Hello. I was wondering if anyone one here is into electrical engineering and circuitbending and possibly collaborating on some new gear. I wish there was a rotary knob to manually spin that would have a little weight to it so that it would keep spinning for a little while but would eventually slow down gradually. The knob would send a track layer (or just the bottom end or just the highs) or a complete song around the room in surround sound. I think they would have to be embedded into the dj/production mixer. I would want a few of these rotary knobs to send different tracks or songs around the room in various patterns and automation would be preferrable. I guess it wouldn't need to be a physical knob. It could be an x/y touch pad. So that's my surround sound idea. Number two: vinyl turntable with a tap function. Lots of drum machines and samplers have a tap function... so how difficult would it be to incorporate one into a turntable? I'm guessing it would need to survey the song playing and determine the current bpm and then after you tap the tap button it would need to quickly speed up or slow down to match the tapped bpm. Number three: a synth with keys that have LEDs inside them so it would show various helpful things for people who are just learning... so in key mode, you choose the key and then only the notes in that scale will light up. In chord mode, it would show you all the chords in various colors on the keyboard that can begin your chord progression in that key, then as soon as you play that chord, the possibilities for your second chord would glow, etc. Lastly, I was thinking why hasn't anyone made a synth with touch sensitive surfaces on the top (where your fingers touch the keyboard) so that as you play the notes, depending on where you touch the key (starting from closer to you and increasing the variable value as you move your finger away from you) it would change the value of whatever parameters you choose. So you could pitch control (and in different directions at the same time with different fingers) while playing with both hands. You could change any parameter this way. It essentially would be combining sliders and they keys themselves. Each key would also be a touch sensitive slider. And I also wonder if anyone on here is into circuit-bending or building modular synths. I have dabbled here and there, but I want to dive into it again and would love to have someone to bounce questions off of. Thanks!


----------



## Taron (Nov 14, 2021)

The super spinny fly wheel reminds me of one of the Moog synths... can't find which one, but might've been Moog Source?!
Anyway... it's been done and it's really sweet!

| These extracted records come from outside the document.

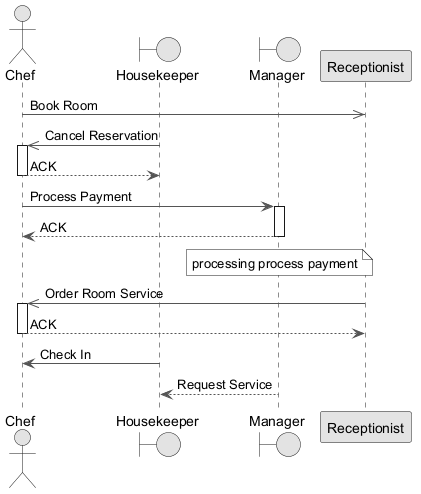

The diagram above was rendered by PlantUML. Its source (embedded in the PNG):
@startuml
skinparam monochrome true
skinparam ArrowColor #555555
actor "Chef" as C
boundary "Housekeeper" as H
boundary "Manager" as M
participant "Receptionist" as R
C ->> R : Book Room
H ->> C : Cancel Reservation
activate C
C --> H : ACK
deactivate C
C -> M : Process Payment
activate M
M --> C : ACK
deactivate M
note over M : processing process payment
R ->> C : Order Room Service
activate C
C --> R : ACK
deactivate C
H -> C : Check In
M --> H : Request Service
@enduml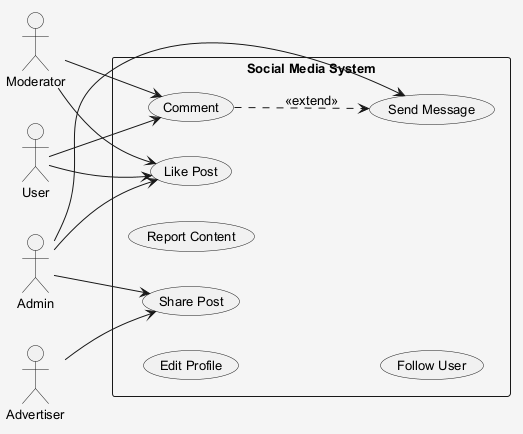

The diagram above was rendered by PlantUML. Its source (embedded in the PNG):
@startuml
skinparam shadowing false
skinparam backgroundColor #F5F5F5
skinparam defaultFontSize 13
left to right direction
actor "Admin" as Admin
actor "User" as User
actor "Moderator" as Moderator
actor "Advertiser" as Advertiser
rectangle "Social Media System" {
  usecase "Comment" as UC_Comment
  usecase "Edit Profile" as UC_EditProfile
  usecase "Report Content" as UC_ReportContent
  usecase "Follow User" as UC_FollowUser
  usecase "Like Post" as UC_LikePost
  usecase "Share Post" as UC_SharePost
  usecase "Send Message" as UC_SendMessage
}
Admin --> UC_SendMessage
Admin --> UC_LikePost
Admin --> UC_SharePost
User --> UC_LikePost
User --> UC_Comment
Moderator --> UC_Comment
Moderator --> UC_LikePost
Advertiser --> UC_SharePost
UC_Comment ..> UC_SendMessage : <<extend>>
@enduml

Good luck and Welcome aboard!


----------



## Mornats (Nov 14, 2021)

flossy_mcgogetta said:


> Number three: a synth with keys that have LEDs inside them so it would show various helpful things for people who are just learning... so in key mode, you choose the key and then only the notes in that scale will light up


The Native Instruments Komplete Kontrol keyboards do this. I find it incredibly useful for learning a new scale.


----------



## Mornats (Nov 14, 2021)

flossy_mcgogetta said:


> Lastly, I was thinking why hasn't anyone made a synth with touch sensitive surfaces on the top (where your fingers touch the keyboard) so that as you play the notes, depending on where you touch the key (starting from closer to you and increasing the variable value as you move your finger away from you) it would change the value of whatever parameters you choose.


Check out the Roli Seaboard keyboards, they did this quite well.


----------